Right, but Russia is the aggressor. If Ukraine stops fighting then Ukraine stops existing. The USSR had an overarching ideology that was effective at sustaining morale because soldiers thought they were fighting for a better future. Modern Russia has none of that. It's morale that breaks armies. Russia lost "only" 70k soldiers in the war against Japan and that was enough to push the country into crisis.

In terms of this question, what matters is that Ukraine recaptures territory, since if they do not, I can hardly see how they will negotiate a settlement where this resolves YES. That means Ukraine must make offensive gains, which is a much costlier thing to do than defending well-fortified lines. I agree that Ukraine has been put into a position where it is in fact fighting an existential war, but that ignores the geopolitical view extant in Russia that their struggle is likewise existential (yes, that's crazy, but I think it's true many believe this).

Sure, but reality matters. It's already over for Russia as a significant power. It can barely fight a war 50km from its own borders. The "existential" nature of this war for Russia is a function of how deep it chooses to dig itself into a hole. Every choice that includes making concessions to Ukraine: returning territory, paying reparations etc, leads to a better long term outcome. There is no positive outcome for the country if it continues to occupy parts of Ukraine. This is why starting this war was such a profound strategic defeat.

I agree that it's entirely plausible the current front line will remain frozen for ten years, but that would be a catastrophic outcome for Russia. The regime would have to go deep into fascist ideology in order to keep society under its control. This would have significant repercussions and likely lead to separatist movements, particularly in the East. China would do everything in its power to capitalise on this.

Totally agree with your last points. Ukraine was clearly a massive miscalculation by Russia since they needed to do a quick knockout of Kiev to achieve their overall objectives (which was due to insufficient manpower and a degraded military capability, as you mention; compare the 1968 invasion of Czechoslovakia).

And secretly I think the US and maybe Europe is perfectly satisfied with the current situation. For minimal investment, they can ensure Russian military power keeps getting expended into a hopeless war. The West will fight Russia to the last Ukrainian, and all that.

I think the most likely scenario which would lead to a YES resolution is where Russia suffers a humiliating defeat on the battlefield, without necessarily a major offensive from Ukraine. This leads to a crisis within the regime, and then some form of a coup. The new regime blames everything on the corruption of the previous one, and makes concessions to Ukraine in order to guarantee its own survival.

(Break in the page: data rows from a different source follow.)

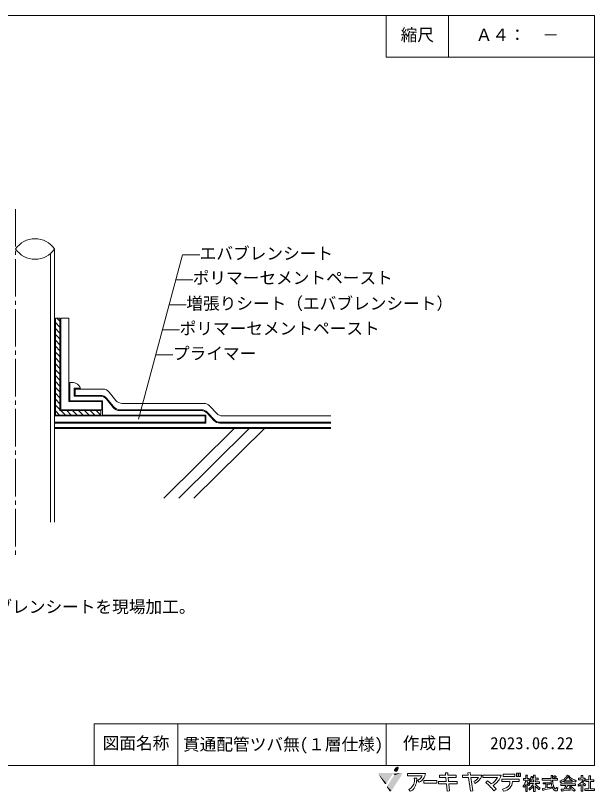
# Model space of a CAD drawing. Units: millimetres on the paper. Extents: x -135 to 135, y -94 to 92.
# Drawn here: x -3.9 to 135, y -94.3 to 92 of the extents above; entities that cross this region are included whole.
import ezdxf
from ezdxf.enums import TextEntityAlignment as Align

# ---------------------------------------------------------------- set-up
doc = ezdxf.new("R2010")
doc.units = ezdxf.units.MM
doc.linetypes.add('CHAIN2', pattern=[12, 9, -1, 1, -1])
for name, color, linetype, lineweight in [('1-1_記号', 4, 'Continuous', 9), ('1-3_断熱材', 33, 'Continuous', 18), ('1-4_リベットルーフ', 3, 'Continuous', 9), ('1-7_設備', 8, 'Continuous', 18), ('1-A_元図・躯体', 7, 'Continuous', 9), ('E-0', 7, 'Continuous', 9), ('E-E', 7, 'Continuous', 9), ('F-F', 7, 'Continuous', 9)]:
    doc.layers.add(name, color=color, linetype=linetype, lineweight=lineweight)
doc.styles.add('ＭＳ ゴシック', font='')
doc.styles.get('ＭＳ ゴシック').set_extended_font_data('MS Gothic')

msp = doc.modelspace()

# ---------------------------------------------------------------- hatches: boundary and pattern name
at = {"layer": 'F-F'}
for color, points in [(70, [(87.1, -88.72, 0.09), (86.859, -89.336)]), (70, [(86.859, -89.336, 0.15), (87.504, -89.533)]), (70, [(87.691, -88.329, 0.2), (87.1, -88.72)]), (70, [(87.504, -89.533, 0.13), (87.793, -89.262)]), (70, [(87.92, -88.385, 0.2), (87.691, -88.329)]), (70, [(87.793, -89.262, 0.09), (88.033, -88.646)]), (70, [(88.033, -88.646, 0.15), (87.92, -88.385)]), (5, [(83.566, -89.865, 0.41), (83.259, -90.173)]), (5, [(83.259, -90.173, 0.12), (83.296, -90.316)]), (5, [(88.788, -90.172, 0.41), (88.475, -89.865)]), (5, [(88.739, -90.337, 0.17), (88.788, -90.172)]), (5, [(84.643, -92.377, 0.2), (84.862, -92.471)]), (5, [(84.862, -92.471, 0.25), (85.119, -92.331)]), (5, [(85.249, -92.97, 0.16), (85.193, -93.144)]), (5, [(85.193, -93.144, 0.15), (85.246, -93.317)]), (5, [(85.816, -94.181, 0.19), (86.027, -94.266)]), (5, [(86.027, -94.266, 0.26), (86.289, -94.12)])]:
    msp.add_hatch(color=color, dxfattribs=at).paths.add_polyline_path(points)

# ---------------------------------------------------------------- linework, layer by layer
at = {"layer": '1-1_記号'}
for p, q in [((6.748, 19.328), (5.648, 19.328)), ((5.648, -3.924), (5.648, 19.328)), ((6.748, 18.612), (6.031, 19.328)), ((6.748, -2.824), (6.748, 19.328)), ((6.748, 17.197), (5.648, 18.297)), ((6.748, 15.783), (5.648, 16.883)), ((6.748, 14.369), (5.648, 15.469)), ((6.748, 12.955), (5.648, 14.055)), ((6.748, 11.541), (5.648, 12.641)), ((6.748, 10.126), (5.648, 11.226)), ((6.748, 8.712), (5.648, 9.812)), ((6.748, 7.298), (5.648, 8.398)), ((6.748, 5.884), (5.648, 6.984)), ((6.748, 4.47), (5.648, 5.57)), ((6.748, 3.055), (5.648, 4.155)), ((6.748, 1.641), (5.648, 2.741)), ((6.748, 0.227), (5.648, 1.327)), ((6.748, -1.187), (5.648, -0.087)), ((6.748, -2.602), (5.648, -1.502)), ((6.656, -3.924), (5.648, -2.916)), ((6.748, -2.824), (16.581, -2.824)), ((8.07, -3.924), (6.97, -2.824)), ((9.484, -3.924), (8.384, -2.824)), ((10.899, -3.924), (9.799, -2.824)), ((12.313, -3.924), (11.213, -2.824)), ((13.727, -3.924), (12.627, -2.824)), ((15.141, -3.924), (14.041, -2.824)), ((16.555, -3.924), (15.455, -2.824)), ((16.581, -2.824), (16.581, -3.924)), ((5.648, -3.924), (16.581, -3.924))]:
    msp.add_line(p, q, dxfattribs=at)
at = {"layer": '1-3_断熱材'}
for p, q in [((9.098, -0.474), (9.098, 3.879)), ((16.378, 0.626), (10.193, 0.626)), ((19.511, -2.078), (17.936, -0.12)), ((40.623, -2.824), (21.07, -2.824)), ((43.679, -5.182), (42.091, -3.466)), ((16.981, -3.924), (41.785, -3.924)), ((41.785, -3.924), (41.785, -5.824)), ((41.785, -5.824), (5.448, -5.824)), ((71.78, -6.924), (5.448, -6.924)), ((45.147, -5.824), (71.78, -5.824))]:
    msp.add_line(p, q, dxfattribs=at)
for points in [[(10.193, 0.626), (10.193, 2.526), (11.7, 2.526)], [(9.098, -0.474), (16.981, -0.474), (16.981, -3.924)]]:
    msp.add_lwpolyline(points, dxfattribs=at)
for centre, radius, start, end in [((9.604, 1.675), 2.262, 22.11035, 102.94336), ((16.378, -1.374), 2, 38.81925, 90), ((21.07, -0.824), 2, 218.81925, 270), ((40.623, -4.824), 2, 42.77685, 90), ((45.147, -3.824), 2, 222.77685, 270)]:
    msp.add_arc(centre, radius, start, end, dxfattribs=at)
at = {"layer": '1-4_リベットルーフ'}
for p, q in [((8.898, 19.328), (6.948, 19.328)), ((6.948, -2.624), (6.948, 19.328)), ((8.898, -0.674), (8.898, 19.328)), ((10.393, 0.826), (10.393, 2.326)), ((17.021, 2.326), (10.393, 2.326)), ((16.474, 0.826), (10.393, 0.826)), ((19.607, -1.878), (18.032, 0.08)), ((20.155, -0.378), (18.58, 1.58)), ((41.258, -1.124), (21.713, -1.124)), ((44.314, -3.482), (42.726, -1.766)), ((6.948, -2.624), (16.781, -2.624)), ((40.71, -2.624), (21.165, -2.624)), ((43.767, -4.982), (42.178, -3.266)), ((5.448, -4.124), (41.585, -4.124)), ((41.585, -4.124), (41.585, -5.624)), ((45.782, -4.124), (71.78, -4.124)), ((5.448, -5.624), (41.585, -5.624)), ((45.235, -5.624), (71.78, -5.624))]:
    msp.add_line(p, q, dxfattribs=at)
msp.add_lwpolyline([(8.898, -0.674), (16.781, -0.674), (16.781, -2.624)], dxfattribs=at)
for centre, start, end in [((17.021, 0.326), 38.81925, 90), ((16.474, -1.174), 38.81925, 90), ((21.713, 0.876), 218.81925, 270), ((41.258, -3.124), 42.77685, 90), ((21.165, -0.624), 218.81925, 270), ((40.71, -4.624), 42.77685, 90), ((45.782, -2.124), 222.77685, 270), ((45.235, -3.624), 222.77685, 270)]:
    msp.add_arc(centre, 2, start, end, dxfattribs=at)
at = {"layer": '1-7_設備', "linetype": 'CHAIN2'}
msp.add_line((-3.903, 45.551), (-3.903, -37.839), dxfattribs=at)
at = {"layer": '1-7_設備'}
for p, q in [((5.448, -29.613), (5.448, 35.958)), ((4.488, -29.613), (4.488, 34.881))]:
    msp.add_line(p, q, dxfattribs=at)
for centre, start, end in [((0.772, 32.757), 34.397, 145.603), ((0.772, 39.159), 214.397, 325.603)]:
    msp.add_arc(centre, 5.666, start, end, dxfattribs=at)
at = {"layer": '1-A_元図・躯体', "color": 5}
msp.add_line((71.78, -7.124), (5.448, -7.124), dxfattribs=at)
at = {"layer": '1-A_元図・躯体'}
for p, q in [((5.448, -7.124), (71.78, -7.124)), ((48.577, -7.124), (31.683, -23.88)), ((52.186, -7.124), (35.292, -23.88)), ((55.795, -7.124), (38.9, -23.88))]:
    msp.add_line(p, q, dxfattribs=at)
at = {"layer": 'E-0'}
for p, q in [((36.142, 34.542), (40.283, 34.542)), ((34.534, 28.542), (38.675, 28.542)), ((32.926, 22.542), (37.068, 22.542)), ((31.319, 16.542), (35.46, 16.542)), ((29.711, 10.542), (33.852, 10.542))]:
    msp.add_line(p, q, dxfattribs=at)
at = {"layer": 'E-E'}
msp.add_line((25.569, -4.915), (36.142, 34.542), dxfattribs=at)
at = {"layer": 'F-F'}
for p, q in [((100, 92), (100, 82)), ((15, -88), (15, -78)), ((35, -88), (35, -78)), ((85, -88), (85, -78)), ((105, -88), (105, -78)), ((90.113, -90.473), (93.651, -90.473)), ((91.771, -91.098), (92.37, -91.056)), ((97.803, -90.345), (97.803, -90.91)), ((99.285, -90.345), (97.803, -90.345)), ((97.803, -90.91), (99.343, -90.91)), ((99.787, -89.75), (99.231, -89.815)), ((99.231, -89.815), (99.285, -90.345)), ((99.343, -90.91), (99.438, -91.849)), ((99.849, -90.345), (99.787, -89.75)), ((101.838, -90.345), (99.849, -90.345)), ((99.907, -90.91), (101.835, -90.91)), ((100.004, -91.849), (99.907, -90.91)), ((101.835, -90.91), (101.838, -90.345)), ((103.322, -90.379), (103.322, -90.944)), ((104.674, -90.379), (103.322, -90.379)), ((103.322, -90.944), (104.759, -90.944)), ((105.139, -89.707), (104.583, -89.772)), ((104.583, -89.772), (104.674, -90.379)), ((104.759, -90.944), (105.247, -94.204)), ((105.241, -90.379), (105.139, -89.707)), ((107.975, -90.379), (105.241, -90.379)), ((105.808, -94.122), (105.327, -90.944)), ((105.327, -90.944), (107.167, -90.944)), ((108.222, -90.926), (111.727, -90.926)), ((120.731, -91.058), (121.521, -91.058)), ((121.521, -91.058), (121.521, -91.454)), ((132.223, -90.4), (131.839, -90.4)), ((92.932, -92.059), (92.549, -91.613)), ((97.589, -91.849), (97.589, -92.414)), ((99.438, -91.849), (97.589, -91.849)), ((97.589, -92.414), (99.496, -92.414)), ((99.496, -92.414), (99.676, -94.187)), ((102.033, -91.849), (100.004, -91.849)), ((100.063, -92.414), (102.031, -92.414)), ((100.238, -94.105), (100.063, -92.414)), ((102.031, -92.414), (102.033, -91.849)), ((106.32, -92.316), (106.047, -91.887)), ((108.936, -92.141), (109.345, -91.743)), ((112.787, -91.868), (114.7, -91.868)), ((115.313, -91.868), (116.935, -91.868)), ((118.547, -91.541), (117.987, -91.541)), ((118.569, -92.551), (118.569, -94.263)), ((118.887, -91.541), (119.37, -91.541)), ((120.38, -92.376), (119.392, -92.376)), ((120.402, -91.454), (120.402, -91.98)), ((120.402, -92.902), (120.402, -94.263)), ((120.731, -91.454), (120.731, -91.98)), ((120.731, -91.454), (121.521, -91.454)), ((120.764, -92.376), (121.807, -92.376)), ((124.584, -91.541), (122.476, -91.541)), ((124.331, -92.156), (122.652, -92.156)), ((122.652, -92.156), (122.652, -92.463)), ((123.333, -92.463), (122.652, -92.463)), ((123.662, -92.477), (124.331, -92.477)), ((124.331, -92.156), (124.331, -92.477)), ((124.946, -91.541), (126.142, -91.541)), ((130.434, -92.463), (126.933, -92.463)), ((126.933, -92.463), (126.933, -92.858)), ((128.162, -92.858), (126.933, -92.858)), ((127.745, -91.717), (127.745, -92.024)), ((128.557, -92.858), (130.434, -92.858)), ((130.434, -92.463), (130.434, -92.858)), ((132.322, -91.454), (131.202, -91.454)), ((131.839, -92.551), (131.839, -94.22)), ((133.672, -91.893), (132.937, -91.893)), ((133.672, -91.893), (133.672, -93.649)), ((134.056, -91.497), (134.846, -91.497)), ((134.056, -91.893), (134.056, -93.649)), ((134.056, -91.893), (134.846, -91.893)), ((134.846, -91.497), (134.846, -91.893)), ((90.815, -94.219), (90.433, -93.82)), ((99.676, -94.187), (100.238, -94.105)), ((105.247, -94.204), (105.808, -94.122)), ((111.418, -93.722), (110.885, -94.141)), ((113.198, -94.182), (112.968, -93.679)), ((132.662, -93.649), (132.662, -94)), ((133.672, -93.649), (132.662, -93.649)), ((135, -94), (132.662, -94)), ((134.056, -93.649), (135, -93.649)), ((135, -93.649), (135, -94))]:
    msp.add_line(p, q, dxfattribs=at)
for points in [[(-135, 92), (135, 92), (135, -88), (-135, -88)], [(85, 92), (85, 82), (135, 82)], [(135, -78), (40.118, -78), (15, -78)], [(94.447, -89.913), (90.113, -89.913), (90.113, -90.473)], [(112.613, -90.361), (108.222, -90.361), (108.222, -90.926)], [(113.122, -90.071), (113.122, -90.636), (115.909, -90.636)], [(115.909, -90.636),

Note that I don't see this happening any time soon. This would require the war continuing for another few years, past the point where Russians really start to feel the pain.

Never

@AlexKislenko dunno, looks like the pendulum might be swinging back in Ukraine's favour

@RemNi I donโ€™t believe it

Propaganda is working

@AlexKislenko possibly, guess we'll find out

of course, there's only propaganda from the West. russia is lucky that it only has free media with the truth as only priority. Remember how NTV used to spread propaganda, but then putin just took over the company and put his guys that would make sure that only the truth is allowed?

This is sarcasm right?

Can't even tell these days

Of course not sarcasm. Just look at Alex's picture; such a kind and honest face. That's the result of years of truth and positive energy coming from sincere and kind-hearted journalists like Solovyov. Putin prices truth so high, that he even had to suppress his deeply rooted humanism and order the killing of some journalists spreading propaganda

Swinging back in Ukraine's favour? How so?

Go truth yourself. NTV turned into shit, just like everything else touched by corrupting hand of that Shit-Midas.